If it's ammonia problem then imo flw this rountine......add water conditioner after water changes.

Follow this eight-stage recovery plan:

1) Stop feeding immediately.
2) Aerate vigorously, check the filter and tank for any decaying matter.
3) Carry out a partial water change.
4) Retest for ammonia to confirm near-zero reading(s).
5) Allow the aquarium two days furher “rest” without feeding, etc.
6) Retest and repeat steps 1-5, if necessary.
7) If readings are near zero, then start feeding sparingly.
8) Continue to test water to confirm that filter is now coping with ammonia and nitrite production.

hope this helps


----------



## logan22 (Sep 6, 2010)

wow thanks so much guys!! i will definitly use all this good info

Best regrads


----------



## gklaw (May 31, 2010)

Did you get your canister filter yet for the 90 gallon? Make sure you are getting enough filtration.


----------



## Dough (Apr 21, 2010)

I wonder if it is the time of year. I have had some issues with my tanks mass pleco die off 13 or so. and some bad ich. good luck hope it all works out. oh ya my parrot he/she gets black spots form time to time. I think due to stress or what not. they seam to come and go. as far as color loss. i am blank! unless you added other fish and that stressed them out. Mine has had some color lose when I added other fish but nothing I worried about.


----------



## t-bore (Apr 21, 2010)

My male parrot gets the streaks on his tail fins when they spawn. It is stress from fighting off the other fish while they spawn. Keep an eye on their behavior they will probably start to dig a hole in the gravel bed to spawn. It usually lasts 4-5 days then they go back to normal.
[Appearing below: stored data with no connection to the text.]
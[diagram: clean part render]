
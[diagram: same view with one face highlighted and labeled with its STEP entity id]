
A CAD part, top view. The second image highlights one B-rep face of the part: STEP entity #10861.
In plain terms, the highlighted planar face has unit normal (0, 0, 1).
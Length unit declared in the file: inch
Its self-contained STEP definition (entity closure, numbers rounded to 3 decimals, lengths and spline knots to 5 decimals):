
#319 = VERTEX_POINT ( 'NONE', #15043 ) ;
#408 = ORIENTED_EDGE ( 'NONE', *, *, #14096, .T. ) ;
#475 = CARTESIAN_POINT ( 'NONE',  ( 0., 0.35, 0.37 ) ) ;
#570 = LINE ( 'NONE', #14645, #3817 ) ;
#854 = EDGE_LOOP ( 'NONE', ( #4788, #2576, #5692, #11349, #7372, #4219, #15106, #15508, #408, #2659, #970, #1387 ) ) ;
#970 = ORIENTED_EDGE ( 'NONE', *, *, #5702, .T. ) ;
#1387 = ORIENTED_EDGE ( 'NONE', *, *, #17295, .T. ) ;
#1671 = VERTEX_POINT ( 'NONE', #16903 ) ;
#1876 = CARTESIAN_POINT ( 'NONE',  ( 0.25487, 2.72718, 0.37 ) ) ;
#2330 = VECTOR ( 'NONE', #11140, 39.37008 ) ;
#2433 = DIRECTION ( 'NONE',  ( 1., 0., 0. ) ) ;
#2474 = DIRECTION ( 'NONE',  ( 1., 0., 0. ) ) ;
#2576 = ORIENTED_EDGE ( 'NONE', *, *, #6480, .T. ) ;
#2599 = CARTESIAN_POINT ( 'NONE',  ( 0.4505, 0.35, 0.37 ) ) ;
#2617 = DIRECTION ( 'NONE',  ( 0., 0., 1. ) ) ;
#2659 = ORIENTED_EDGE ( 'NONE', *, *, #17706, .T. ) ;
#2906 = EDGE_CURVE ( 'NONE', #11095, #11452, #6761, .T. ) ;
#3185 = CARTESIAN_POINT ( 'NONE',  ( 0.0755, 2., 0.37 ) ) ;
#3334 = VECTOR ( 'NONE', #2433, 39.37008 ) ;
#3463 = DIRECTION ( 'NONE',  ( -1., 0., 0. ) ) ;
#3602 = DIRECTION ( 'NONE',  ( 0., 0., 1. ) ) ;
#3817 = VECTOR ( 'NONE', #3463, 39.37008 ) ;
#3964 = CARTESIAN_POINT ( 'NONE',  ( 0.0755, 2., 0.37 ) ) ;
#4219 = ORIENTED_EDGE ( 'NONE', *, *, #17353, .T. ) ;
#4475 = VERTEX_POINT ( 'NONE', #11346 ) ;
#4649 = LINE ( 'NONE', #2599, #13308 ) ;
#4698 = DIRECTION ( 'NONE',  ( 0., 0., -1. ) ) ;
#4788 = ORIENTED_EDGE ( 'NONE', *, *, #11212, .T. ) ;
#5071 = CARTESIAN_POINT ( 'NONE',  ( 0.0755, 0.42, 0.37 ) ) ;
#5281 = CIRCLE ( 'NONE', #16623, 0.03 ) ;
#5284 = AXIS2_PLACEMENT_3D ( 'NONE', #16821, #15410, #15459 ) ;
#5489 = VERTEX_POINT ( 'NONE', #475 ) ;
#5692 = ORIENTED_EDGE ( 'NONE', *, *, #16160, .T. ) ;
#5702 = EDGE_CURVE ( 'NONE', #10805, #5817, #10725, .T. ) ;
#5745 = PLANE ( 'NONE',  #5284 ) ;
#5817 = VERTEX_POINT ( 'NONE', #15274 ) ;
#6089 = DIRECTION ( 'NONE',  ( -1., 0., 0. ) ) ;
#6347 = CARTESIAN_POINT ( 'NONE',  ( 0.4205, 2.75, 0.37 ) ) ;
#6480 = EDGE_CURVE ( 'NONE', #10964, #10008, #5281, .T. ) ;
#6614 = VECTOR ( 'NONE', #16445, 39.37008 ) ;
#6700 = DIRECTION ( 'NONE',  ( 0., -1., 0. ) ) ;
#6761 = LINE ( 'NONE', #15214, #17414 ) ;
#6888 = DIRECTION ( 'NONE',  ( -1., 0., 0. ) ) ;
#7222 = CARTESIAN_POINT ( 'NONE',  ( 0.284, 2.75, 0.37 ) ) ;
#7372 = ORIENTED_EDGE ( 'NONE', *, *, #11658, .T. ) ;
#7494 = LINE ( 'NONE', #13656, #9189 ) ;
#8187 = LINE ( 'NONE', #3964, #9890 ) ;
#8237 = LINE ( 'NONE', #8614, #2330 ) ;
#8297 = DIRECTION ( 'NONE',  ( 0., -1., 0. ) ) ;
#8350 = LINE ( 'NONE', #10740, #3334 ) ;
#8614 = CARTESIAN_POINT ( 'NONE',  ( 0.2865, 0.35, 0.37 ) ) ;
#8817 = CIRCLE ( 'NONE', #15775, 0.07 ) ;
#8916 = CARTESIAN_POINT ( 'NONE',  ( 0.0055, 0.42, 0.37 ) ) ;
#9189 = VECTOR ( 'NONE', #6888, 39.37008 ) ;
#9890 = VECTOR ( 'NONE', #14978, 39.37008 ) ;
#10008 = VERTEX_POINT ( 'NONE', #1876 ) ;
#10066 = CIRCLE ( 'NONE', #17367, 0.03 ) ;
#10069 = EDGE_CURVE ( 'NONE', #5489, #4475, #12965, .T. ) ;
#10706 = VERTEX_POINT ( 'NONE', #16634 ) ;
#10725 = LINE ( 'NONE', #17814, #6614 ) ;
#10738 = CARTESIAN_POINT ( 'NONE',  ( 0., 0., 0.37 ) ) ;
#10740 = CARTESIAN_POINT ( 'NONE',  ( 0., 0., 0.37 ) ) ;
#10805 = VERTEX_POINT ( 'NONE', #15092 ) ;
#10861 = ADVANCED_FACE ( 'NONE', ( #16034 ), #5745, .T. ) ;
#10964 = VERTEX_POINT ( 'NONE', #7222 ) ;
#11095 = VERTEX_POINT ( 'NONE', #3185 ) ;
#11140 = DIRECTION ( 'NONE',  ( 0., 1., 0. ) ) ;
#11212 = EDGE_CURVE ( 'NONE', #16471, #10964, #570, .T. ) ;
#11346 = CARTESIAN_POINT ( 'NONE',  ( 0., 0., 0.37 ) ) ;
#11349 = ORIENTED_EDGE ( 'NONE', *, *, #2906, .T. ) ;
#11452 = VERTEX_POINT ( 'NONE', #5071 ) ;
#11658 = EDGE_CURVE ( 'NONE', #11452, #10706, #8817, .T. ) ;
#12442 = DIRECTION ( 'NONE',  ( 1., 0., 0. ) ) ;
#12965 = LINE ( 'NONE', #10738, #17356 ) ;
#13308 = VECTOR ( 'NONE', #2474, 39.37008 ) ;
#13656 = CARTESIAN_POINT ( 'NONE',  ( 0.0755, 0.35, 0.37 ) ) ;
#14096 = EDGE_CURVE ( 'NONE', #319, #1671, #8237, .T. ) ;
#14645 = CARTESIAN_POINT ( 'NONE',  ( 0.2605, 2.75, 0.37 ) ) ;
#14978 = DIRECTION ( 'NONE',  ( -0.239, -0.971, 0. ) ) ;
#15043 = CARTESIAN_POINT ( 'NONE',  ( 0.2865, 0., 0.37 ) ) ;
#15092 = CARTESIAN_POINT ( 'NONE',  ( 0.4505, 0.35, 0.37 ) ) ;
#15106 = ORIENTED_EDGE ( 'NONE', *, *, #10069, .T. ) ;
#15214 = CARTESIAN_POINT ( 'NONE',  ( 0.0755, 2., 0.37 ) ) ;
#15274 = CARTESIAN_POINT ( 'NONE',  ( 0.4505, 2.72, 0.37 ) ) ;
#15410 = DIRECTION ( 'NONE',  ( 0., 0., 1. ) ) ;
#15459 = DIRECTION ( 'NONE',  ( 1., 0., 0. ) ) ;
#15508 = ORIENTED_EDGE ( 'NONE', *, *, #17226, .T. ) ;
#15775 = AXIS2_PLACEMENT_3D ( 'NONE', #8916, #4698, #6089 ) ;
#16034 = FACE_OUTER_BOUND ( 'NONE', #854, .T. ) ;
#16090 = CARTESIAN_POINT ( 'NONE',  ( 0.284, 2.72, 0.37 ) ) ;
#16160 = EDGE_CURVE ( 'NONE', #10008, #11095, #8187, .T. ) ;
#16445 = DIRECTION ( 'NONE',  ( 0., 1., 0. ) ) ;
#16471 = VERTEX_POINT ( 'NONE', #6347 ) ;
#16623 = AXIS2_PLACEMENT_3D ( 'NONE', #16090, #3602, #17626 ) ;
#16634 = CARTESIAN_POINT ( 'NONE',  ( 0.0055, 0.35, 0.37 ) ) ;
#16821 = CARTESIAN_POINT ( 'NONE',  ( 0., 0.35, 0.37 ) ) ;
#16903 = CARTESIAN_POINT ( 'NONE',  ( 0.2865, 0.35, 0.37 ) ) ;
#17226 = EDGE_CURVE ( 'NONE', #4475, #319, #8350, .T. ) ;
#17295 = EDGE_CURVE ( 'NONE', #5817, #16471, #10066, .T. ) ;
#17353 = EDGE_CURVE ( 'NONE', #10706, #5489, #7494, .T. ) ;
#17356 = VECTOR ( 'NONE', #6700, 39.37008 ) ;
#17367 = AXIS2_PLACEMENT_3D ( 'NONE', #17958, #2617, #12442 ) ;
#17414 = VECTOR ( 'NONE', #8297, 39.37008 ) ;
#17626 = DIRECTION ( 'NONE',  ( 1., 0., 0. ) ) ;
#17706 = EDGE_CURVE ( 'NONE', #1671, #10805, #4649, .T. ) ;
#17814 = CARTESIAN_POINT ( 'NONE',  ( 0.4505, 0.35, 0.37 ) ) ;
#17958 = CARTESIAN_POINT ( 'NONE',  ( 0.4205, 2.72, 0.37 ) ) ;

Mine do this every month and a half or so.


----------



## logan22 (Sep 6, 2010)

O my gosh I THINK that they are spawning..they are digging constantly, they have there rock cave that they gaurd all the time but i dont see any eggs there?they have blotched black spots too on the body.. and streaks in the fins..hmmmthey seemed to have gotten beetter in the last few days since i did the water change...i will observe there behaviour over the next few days too see if it is indeed spawning..


----------



## Dough (Apr 21, 2010)

the males are not fertile. not sure why but I think something to do with how they are bread.


----------